YichuanMa/LoGos-7B
YichuanMa/LoGos-7B is a specialized large language model built upon Qwen2.5-7B, designed for Go game reasoning and analysis. It integrates professional Go knowledge with advanced chain-of-thought reasoning through a novel mixed training approach combining cold start and GRPO reinforcement learning. This 7 billion parameter model excels at predicting and analyzing moves in Go games, providing detailed reasoning and strategic insights. Its primary strength lies in transferring complex reasoning capabilities to Go tasks, making it suitable for advanced Go analysis.
Loading preview...
LoGos-7B: Specialized Go Game Reasoning LLM
LoGos-7B is a specialized large language model developed by Yichuan Ma and team, focusing on Go game reasoning and analysis. Built on the Qwen2.5-7B architecture, this model uniquely integrates professional Go knowledge with advanced chain-of-thought (CoT) reasoning capabilities.
Key Capabilities
- Go Game Analysis: Designed to analyze current board states, predict optimal next moves, and provide detailed strategic reasoning.

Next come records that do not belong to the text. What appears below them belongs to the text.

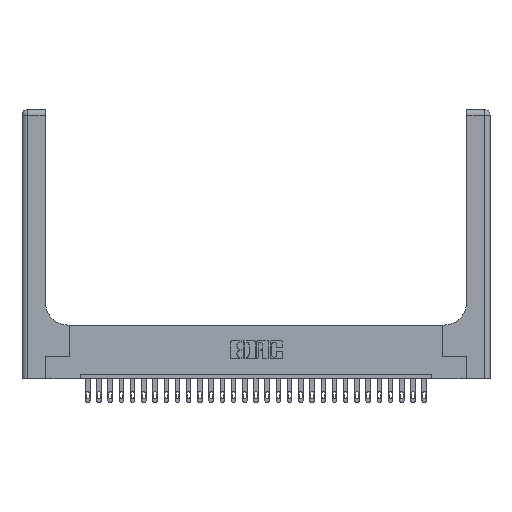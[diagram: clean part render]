
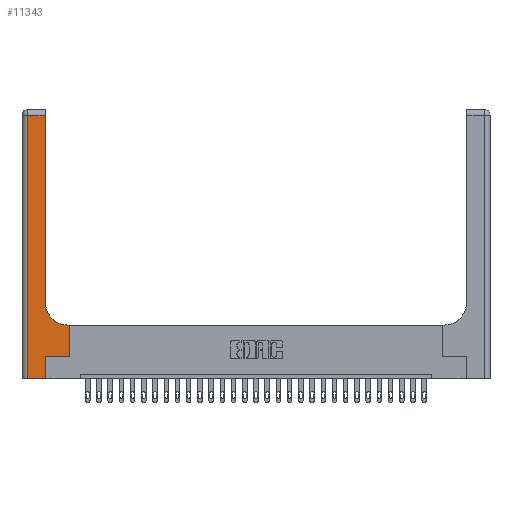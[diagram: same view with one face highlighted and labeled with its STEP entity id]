
A CAD part, top view. The second image highlights one B-rep face of the part: STEP entity #11343.
In plain terms, the highlighted planar face has unit normal (0, 0, 1).
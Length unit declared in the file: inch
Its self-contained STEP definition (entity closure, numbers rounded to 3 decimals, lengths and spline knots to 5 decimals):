
#310 = CARTESIAN_POINT ( 'NONE',  ( 0.265, 0., 0.37 ) ) ;
#1093 = VECTOR ( 'NONE', #3672, 39.37008 ) ;
#1753 = CARTESIAN_POINT ( 'NONE',  ( 0.06, 2.94, 0.37 ) ) ;
#2316 = CARTESIAN_POINT ( 'NONE',  ( 0., 3., 0.37 ) ) ;
#2421 = EDGE_CURVE ( 'NONE', #22674, #17175, #21092, .T. ) ;
#2570 = CARTESIAN_POINT ( 'NONE',  ( 0.528, 0.6, 0.37 ) ) ;
#3428 = VERTEX_POINT ( 'NONE', #18558 ) ;
#3602 = DIRECTION ( 'NONE',  ( 1., 0., 0. ) ) ;
#3672 = DIRECTION ( 'NONE',  ( 0., 1., 0. ) ) ;
#3685 = DIRECTION ( 'NONE',  ( 0., 1., 0. ) ) ;
#3838 = LINE ( 'NONE', #24295, #11136 ) ;
#3881 = DIRECTION ( 'NONE',  ( 0., 1., 0. ) ) ;
#4325 = EDGE_CURVE ( 'NONE', #17175, #19026, #21640, .T. ) ;
#4492 = CARTESIAN_POINT ( 'NONE',  ( 0.265, 0.25, 0.37 ) ) ;
#4877 = CARTESIAN_POINT ( 'NONE',  ( 0.06, 0., 0.37 ) ) ;
#5337 = EDGE_CURVE ( 'NONE', #10624, #3428, #20830, .T. ) ;
#5537 = CARTESIAN_POINT ( 'NONE',  ( 0.528, 0.25, 0.37 ) ) ;
#5601 = EDGE_CURVE ( 'NONE', #19026, #25142, #23525, .T. ) ;
#5758 = CARTESIAN_POINT ( 'NONE',  ( 0.51, 0.85, 0.37 ) ) ;
#5792 = EDGE_CURVE ( 'NONE', #25955, #13860, #15141, .T. ) ;
#6068 = LINE ( 'NONE', #5537, #1093 ) ;
#6978 = VECTOR ( 'NONE', #8771, 39.37008 ) ;
#7039 = AXIS2_PLACEMENT_3D ( 'NONE', #2316, #12412, #10309 ) ;
#7614 = DIRECTION ( 'NONE',  ( 1., 0., 0. ) ) ;
#8101 = DIRECTION ( 'NONE',  ( -1., 0., 0. ) ) ;
#8480 = ORIENTED_EDGE ( 'NONE', *, *, #16340, .T. ) ;
#8771 = DIRECTION ( 'NONE',  ( 1., 0., 0. ) ) ;
#8978 = CARTESIAN_POINT ( 'NONE',  ( 0., 2.94, 0.37 ) ) ;
#9048 = VECTOR ( 'NONE', #11016, 39.37008 ) ;
#9313 = EDGE_LOOP ( 'NONE', ( #22328, #20804, #13449, #24038, #8480, #9356, #18974, #12388, #25209 ) ) ;
#9356 = ORIENTED_EDGE ( 'NONE', *, *, #5792, .T. ) ;
#10177 = PLANE ( 'NONE',  #7039 ) ;
#10309 = DIRECTION ( 'NONE',  ( -1., 0., 0. ) ) ;
#10317 = VERTEX_POINT ( 'NONE', #2570 ) ;
#10624 = VERTEX_POINT ( 'NONE', #18104 ) ;
#10721 = EDGE_CURVE ( 'NONE', #3428, #22674, #13984, .T. ) ;
#11016 = DIRECTION ( 'NONE',  ( 0., -1., 0. ) ) ;
#11136 = VECTOR ( 'NONE', #8101, 39.37008 ) ;
#11343 = ADVANCED_FACE ( 'NONE', ( #22138 ), #10177, .F. ) ;
#11659 = LINE ( 'NONE', #25865, #16696 ) ;
#12388 = ORIENTED_EDGE ( 'NONE', *, *, #14748, .T. ) ;
#12412 = DIRECTION ( 'NONE',  ( 0., 0., -1. ) ) ;
#13449 = ORIENTED_EDGE ( 'NONE', *, *, #4325, .T. ) ;
#13860 = VERTEX_POINT ( 'NONE', #22407 ) ;
#13984 = LINE ( 'NONE', #22100, #14236 ) ;
#14236 = VECTOR ( 'NONE', #3881, 39.37008 ) ;
#14748 = EDGE_CURVE ( 'NONE', #10317, #10624, #3838, .T. ) ;
#15141 = LINE ( 'NONE', #21139, #6978 ) ;
#16340 = EDGE_CURVE ( 'NONE', #25142, #25955, #11659, .T. ) ;
#16696 = VECTOR ( 'NONE', #3685, 39.37008 ) ;
#17175 = VERTEX_POINT ( 'NONE', #1753 ) ;
#17588 = VECTOR ( 'NONE', #3602, 39.37008 ) ;
#18104 = CARTESIAN_POINT ( 'NONE',  ( 0.51, 0.6, 0.37 ) ) ;
#18558 = CARTESIAN_POINT ( 'NONE',  ( 0.26, 0.85, 0.37 ) ) ;
#18974 = ORIENTED_EDGE ( 'NONE', *, *, #23237, .T. ) ;
#19026 = VERTEX_POINT ( 'NONE', #4877 ) ;
#19546 = CARTESIAN_POINT ( 'NONE',  ( 0., 0., 0.37 ) ) ;
#20116 = CARTESIAN_POINT ( 'NONE',  ( 0.26, 2.94, 0.37 ) ) ;
#20804 = ORIENTED_EDGE ( 'NONE', *, *, #2421, .T. ) ;
#20830 = CIRCLE ( 'NONE', #24205, 0.25 ) ;
#21092 = LINE ( 'NONE', #8978, #22960 ) ;
#21139 = CARTESIAN_POINT ( 'NONE',  ( 0.265, 0.25, 0.37 ) ) ;
#21640 = LINE ( 'NONE', #23352, #9048 ) ;
#22100 = CARTESIAN_POINT ( 'NONE',  ( 0.26, 3., 0.37 ) ) ;
#22138 = FACE_OUTER_BOUND ( 'NONE', #9313, .T. ) ;
#22328 = ORIENTED_EDGE ( 'NONE', *, *, #10721, .T. ) ;
#22407 = CARTESIAN_POINT ( 'NONE',  ( 0.528, 0.25, 0.37 ) ) ;
#22674 = VERTEX_POINT ( 'NONE', #20116 ) ;
#22960 = VECTOR ( 'NONE', #25660, 39.37008 ) ;
#23237 = EDGE_CURVE ( 'NONE', #13860, #10317, #6068, .T. ) ;
#23352 = CARTESIAN_POINT ( 'NONE',  ( 0.06, 3., 0.37 ) ) ;
#23525 = LINE ( 'NONE', #19546, #17588 ) ;
#24038 = ORIENTED_EDGE ( 'NONE', *, *, #5601, .T. ) ;
#24205 = AXIS2_PLACEMENT_3D ( 'NONE', #5758, #25800, #7614 ) ;
#24295 = CARTESIAN_POINT ( 'NONE',  ( 0.26, 0.6, 0.37 ) ) ;
#25142 = VERTEX_POINT ( 'NONE', #310 ) ;
#25209 = ORIENTED_EDGE ( 'NONE', *, *, #5337, .T. ) ;
#25660 = DIRECTION ( 'NONE',  ( -1., 0., 0. ) ) ;
#25800 = DIRECTION ( 'NONE',  ( 0., 0., -1. ) ) ;
#25865 = CARTESIAN_POINT ( 'NONE',  ( 0.265, 0., 0.37 ) ) ;
#25955 = VERTEX_POINT ( 'NONE', #4492 ) ;
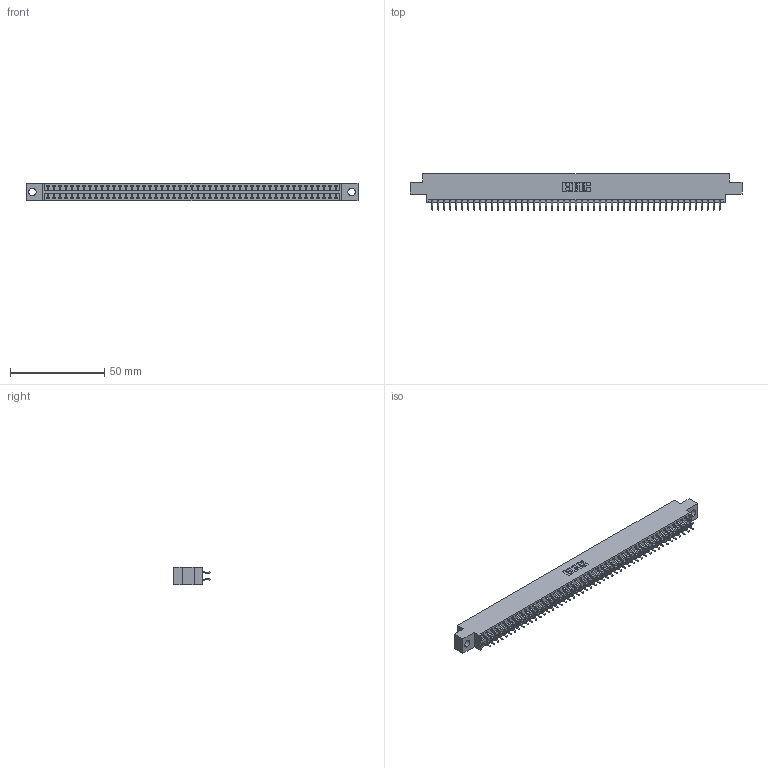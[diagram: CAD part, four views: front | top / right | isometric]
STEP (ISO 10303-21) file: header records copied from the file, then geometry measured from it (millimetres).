
FILE_DESCRIPTION (( 'STEP AP203' ), '1' );
FILE_NAME ('346-098-556-804.STEP', '2022-05-26T18:58:02', ( '' ), ( '' ), 'SwSTEP 2.0', 'SolidWorks 2020', '' );
FILE_SCHEMA (( 'CONFIG_CONTROL_DESIGN' ));
Length unit declared in the file: inch
Products named in the file (3): 345-292-001_556 Tail; 346 Part_0.170 Offset - 0.156 Dia-TH; 346-098-556-804
Assembly tree (99 placements, depth 2):
  346-098-556-804
    346 Part_0.170 Offset - 0.156 Dia-TH
    345-292-001_556 Tail  x98
Bounding box: 176.15 x 19.57 x 9.4 mm (x, y, z)
Volume: 16966.6 mm3; surface area: 23368.3 mm2
Topology: 99 solids, 99 shells, 5824 faces, 17331 edges, 11422 vertices
Faces by surface type: plane 3916, cylinder 1908
Entity records: 31807 total; most frequent: CARTESIAN_POINT 5254, ORIENTED_EDGE 5174, DIRECTION 4667, EDGE_CURVE 2587, LINE 2251, VECTOR 2251, VERTEX_POINT 1722, AXIS2_PLACEMENT_3D 1208

- Advanced Reasoning: Utilizes a novel mixed training approach, combining cold start and Group Relative Policy Optimization (GRPO) reinforcement learning, to transfer reasoning acquired from long CoT data to Go tasks.
- Strategic Prediction: Capable of evaluating multiple possible next steps, deducing subsequent variations, and selecting the most appropriate move with accompanying win rate predictions.
- Interactive Output: Generates detailed, thoughtful, and engaging responses in a professional yet interactive style, suitable for simulating a Go professional's analysis.
Training and Methodology
The model's unique training methodology involves integrating Go professional capabilities with LLMs' long CoT reasoning. This process ensures that LoGos-7B can effectively leverage complex reasoning patterns for strategic Go gameplay. The project acknowledges contributions from verl for RL infrastructure, KataGo for Go evaluation tools, and Yike for professional Go datasets.
Use Cases
LoGos-7B is ideal for applications requiring deep Go game analysis, strategic planning, and educational tools for Go players. It can be used to simulate professional Go commentary, analyze historical games, or assist players in understanding complex board positions and optimal move sequences.